Separate and distinct mandates do not change the underlying ecological reality of a given space.

A second aspect of the conversati­on around Karachi focuses on ethnic fragmentat­ion, the extraction of economic surplus from the city through rent-seeking and corruption by the Sindh government, and its indifferen­ce towards the fate of its citizens. These factors are identified as the underlying reason for why Karachi is in a state of municipal disrepair. At their ugliest, such conversati­ons tend to gravitate towards highly racialised and/or xenophobic tropes about entitlemen­t to the city and its resources.

My contention here is that these two conversati­ons - technocrat­ic aspects and societal demographi­c and political reality - while happening distinctly need to be seen as part of one constituti­ve urban political economy. And without this view, any solution proposed will be unsustaina­ble. To this end, the case of Lahore is somewhat revelatory.

Lahore's municipal infrastruc­ture is reasonable by lower-middle-income country standards. Parts of the city, where land developmen­t has been ad hoc and pervasive, suffer from similar bouts of flooding during monsoon, while in many areas access to clean drinking water remains a persistent issue. On the other hand, road and community infrastruc­ture is relatively robust, and sanitation and solid waste management services - given income and municipal revenue per capita levels - are quite reasonable.

Lahore does not de jure enjoy special administra­tive status. Neither is its city government cohesive and accountabl­e to its citizens. Developmen­tal and regulatory functions for urban real estate and sanitation developmen­t lie with the same unaccounta­ble and largely incompeten­t behemoth, Lahore Developmen­t Authority, while other issues are dealt with by other arms of the provincial government (land records, solid waste management, public transport planning) or the federal government (cantonment boards and DHA).

The difference in outcome across these two cities arises out of a difference in underlying political economy. Lahore's residents and those in charge of making decisions in the city are tied to higher tiers of decision-makers through shared ethnic, factional, or partisan ties, even in the absence of an elected local govt system.

Most cite the case of the PML-N in Punjab, given its historical roots, large basis of support in the city, and bias towards Lahore as a reason for this, but the relationsh­ip actually holds for when other parties have held power too - notably the PML-Q in 2002-07 and PTI from 2018 onwards. Each party has felt some degree of responsibi­lity towards Lahore's elite and middle-class voters and thus caters to their municipal developmen­tal needs. This responsibi­lity exists regardless of the institutio­nal architectu­re through which Lahore is governed.

This pattern cannot be replicated in Karachi given its far more diverse population and complex history.

But what it also tells us is that tinkering with institutio­nal design of urban government is not going to do much as long as the underlying politics doesn't change. Back in 2001, the federal government was able to create a new local government arrangemen­t, but one that fell apart violently 2007 onwards.
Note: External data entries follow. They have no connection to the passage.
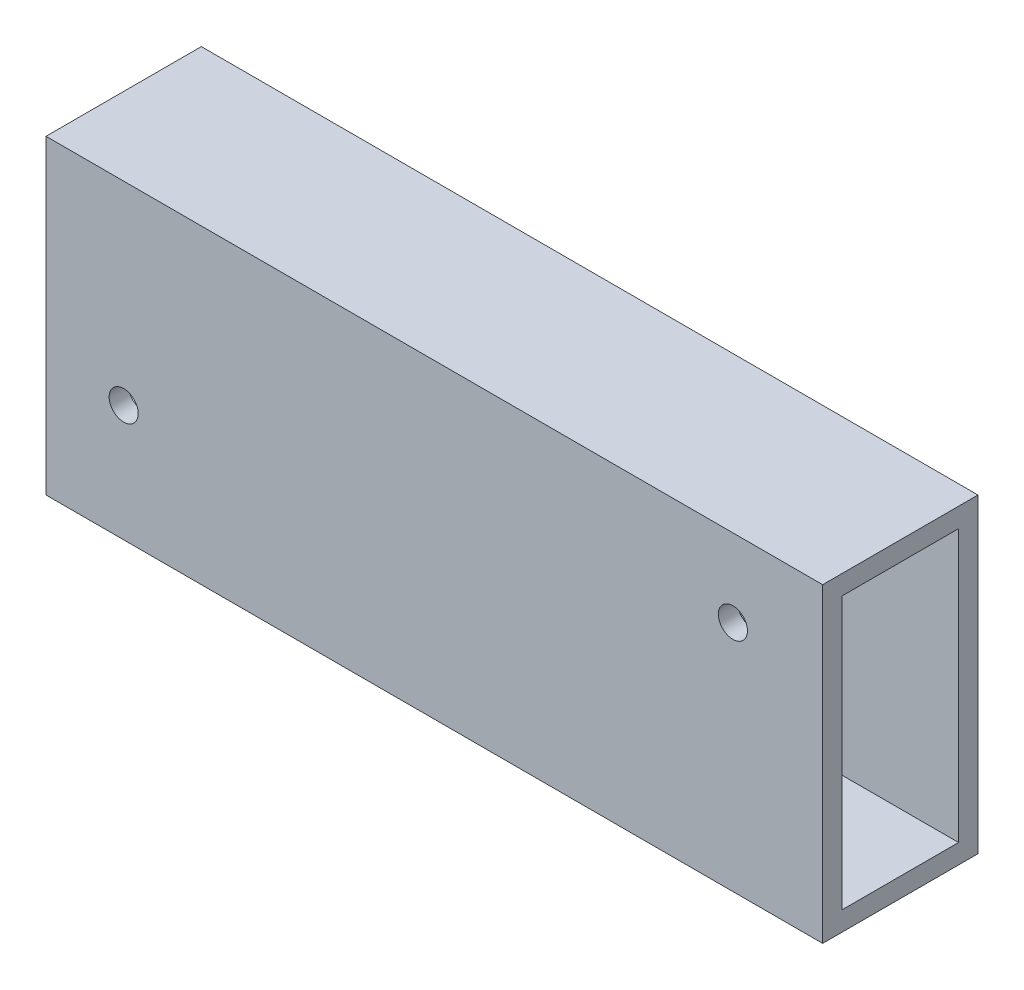
ISO-10303-21;
HEADER;
FILE_DESCRIPTION(('STEP AP214'),'2;1');
FILE_NAME('part.step','',(''),(''),'','','');
FILE_SCHEMA(('AUTOMOTIVE_DESIGN { 1 0 10303 214 1 1 1 1 }'));
ENDSEC;
DATA;
#1=APPLICATION_CONTEXT('core data for automotive mechanical design processes');
#2=APPLICATION_PROTOCOL_DEFINITION('international standard','automotive_design',2000,#1);
#3=PRODUCT_CONTEXT('',#1,'mechanical');
#4=PRODUCT('Part','Part','',(#3));
#5=PRODUCT_RELATED_PRODUCT_CATEGORY('part','',(#4));
#6=PRODUCT_DEFINITION_FORMATION('','',#4);
#7=PRODUCT_DEFINITION_CONTEXT('part definition',#1,'design');
#8=PRODUCT_DEFINITION('design','',#6,#7);
#9=PRODUCT_DEFINITION_SHAPE('','',#8);
#10=(LENGTH_UNIT() NAMED_UNIT(*) SI_UNIT(.MILLI.,.METRE.));
#11=(NAMED_UNIT(*) PLANE_ANGLE_UNIT() SI_UNIT($,.RADIAN.));
#12=(NAMED_UNIT(*) SI_UNIT($,.STERADIAN.) SOLID_ANGLE_UNIT());
#13=UNCERTAINTY_MEASURE_WITH_UNIT(LENGTH_MEASURE(1.E-05),#10,'distance_accuracy_value','');
#14=(GEOMETRIC_REPRESENTATION_CONTEXT(3) GLOBAL_UNCERTAINTY_ASSIGNED_CONTEXT((#13)) GLOBAL_UNIT_ASSIGNED_CONTEXT((#10,
#11,#12)) REPRESENTATION_CONTEXT('',''));
#15=CARTESIAN_POINT('',(0.,0.,0.));
#16=DIRECTION('',(0.,0.,1.));
#17=DIRECTION('',(1.,0.,0.));
#18=AXIS2_PLACEMENT_3D('',#15,#16,#17);
#19=CARTESIAN_POINT('',(127.,0.,0.));
#20=DIRECTION('',(1.,0.,0.));
#21=DIRECTION('',(0.,0.,-1.));
#22=AXIS2_PLACEMENT_3D('',#19,#20,#21);
#23=PLANE('',#22);
#24=DIRECTION('',(0.,-1.,0.));
#25=VECTOR('',#24,1.);
#26=CARTESIAN_POINT('',(127.,23.6926420824534,13.632940239234));
#27=LINE('',#26,#25);
#28=CARTESIAN_POINT('',(127.,23.6926420824534,13.632940239234));
#29=VERTEX_POINT('',#28);
#30=CARTESIAN_POINT('',(127.,-27.1073579175466,13.6329402392339));
#31=VERTEX_POINT('',#30);
#32=EDGE_CURVE('E138',#29,#31,#27,.T.);
#33=ORIENTED_EDGE('',*,*,#32,.T.);
#34=DIRECTION('',(0.,0.,-1.));
#35=VECTOR('',#34,1.);
#36=CARTESIAN_POINT('',(127.,-27.1073579175466,13.6329402392339));
#37=LINE('',#36,#35);
#38=CARTESIAN_POINT('',(127.,-27.1073579175466,-11.7670597607661));
#39=VERTEX_POINT('',#38);
#40=EDGE_CURVE('E141',#31,#39,#37,.T.);
#41=ORIENTED_EDGE('',*,*,#40,.T.);
#42=DIRECTION('',(0.,1.,0.));
#43=VECTOR('',#42,1.);
#44=CARTESIAN_POINT('',(127.,23.6926420824534,-11.767059760766));
#45=LINE('',#44,#43);
#46=CARTESIAN_POINT('',(127.,23.6926420824534,-11.767059760766));
#47=VERTEX_POINT('',#46);
#48=EDGE_CURVE('E144',#39,#47,#45,.T.);
#49=ORIENTED_EDGE('',*,*,#48,.T.);
#50=DIRECTION('',(0.,0.,1.));
#51=VECTOR('',#50,1.);
#52=CARTESIAN_POINT('',(127.,23.6926420824534,13.632940239234));
#53=LINE('',#52,#51);
#54=EDGE_CURVE('E146',#47,#29,#53,.T.);
#55=ORIENTED_EDGE('',*,*,#54,.T.);
#56=EDGE_LOOP('',(#33,#41,#49,#55));
#57=FACE_BOUND('',#56,.T.);
#58=DIRECTION('',(0.,0.,-1.));
#59=VECTOR('',#58,1.);
#60=CARTESIAN_POINT('',(127.,-23.9323579175466,10.457940239234));
#61=LINE('',#60,#59);
#62=CARTESIAN_POINT('',(127.,-23.9323579175466,10.457940239234));
#63=VERTEX_POINT('',#62);
#64=CARTESIAN_POINT('',(127.,-23.9323579175466,-8.59205976076606));
#65=VERTEX_POINT('',#64);
#66=EDGE_CURVE('E108',#63,#65,#61,.T.);
#67=ORIENTED_EDGE('',*,*,#66,.F.);
#68=DIRECTION('',(0.,-1.,0.));
#69=VECTOR('',#68,1.);
#70=CARTESIAN_POINT('',(127.,20.5176420824534,10.457940239234));
#71=LINE('',#70,#69);
#72=CARTESIAN_POINT('',(127.,20.5176420824534,10.457940239234));
#73=VERTEX_POINT('',#72);
#74=EDGE_CURVE('E100',#73,#63,#71,.T.);
#75=ORIENTED_EDGE('',*,*,#74,.F.);
#76=DIRECTION('',(0.,0.,1.));
#77=VECTOR('',#76,1.);
#78=CARTESIAN_POINT('',(127.,20.5176420824534,10.457940239234));
#79=LINE('',#78,#77);
#80=CARTESIAN_POINT('',(127.,20.5176420824534,-8.59205976076605));
#81=VERTEX_POINT('',#80);
#82=EDGE_CURVE('E122',#81,#73,#79,.T.);
#83=ORIENTED_EDGE('',*,*,#82,.F.);
#84=DIRECTION('',(0.,1.,0.));
#85=VECTOR('',#84,1.);
#86=CARTESIAN_POINT('',(127.,20.5176420824534,-8.59205976076605));
#87=LINE('',#86,#85);
#88=EDGE_CURVE('E120',#65,#81,#87,.T.);
#89=ORIENTED_EDGE('',*,*,#88,.F.);
#90=EDGE_LOOP('',(#67,#75,#83,#89));
#91=FACE_BOUND('',#90,.T.);
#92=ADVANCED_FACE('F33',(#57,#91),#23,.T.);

That in itself reveals something about the sustainabi­lity of such transforma­tional plans.

The PTI repeatedly talks about its national character yet has mostly given up on electoral prospects in Sindh beyond Karachi. There seems to be no appetite in the party to actually organise politicall­y and challenge the incumbent's hegemony. The PPP too talks about how Karachi belongs to Sindh and Sindhis, and yet not only pays little attention to the demands of Karachi's residents but also colludes in the dispossess­ion of Sindhis and Baloch communitie­s for speculativ­e real estate developmen­t. Without a shift in underlying political realities that link different blocks of citizens to decision-makers, the fate of Karachi - as would be the case with any city - is unlikely to change.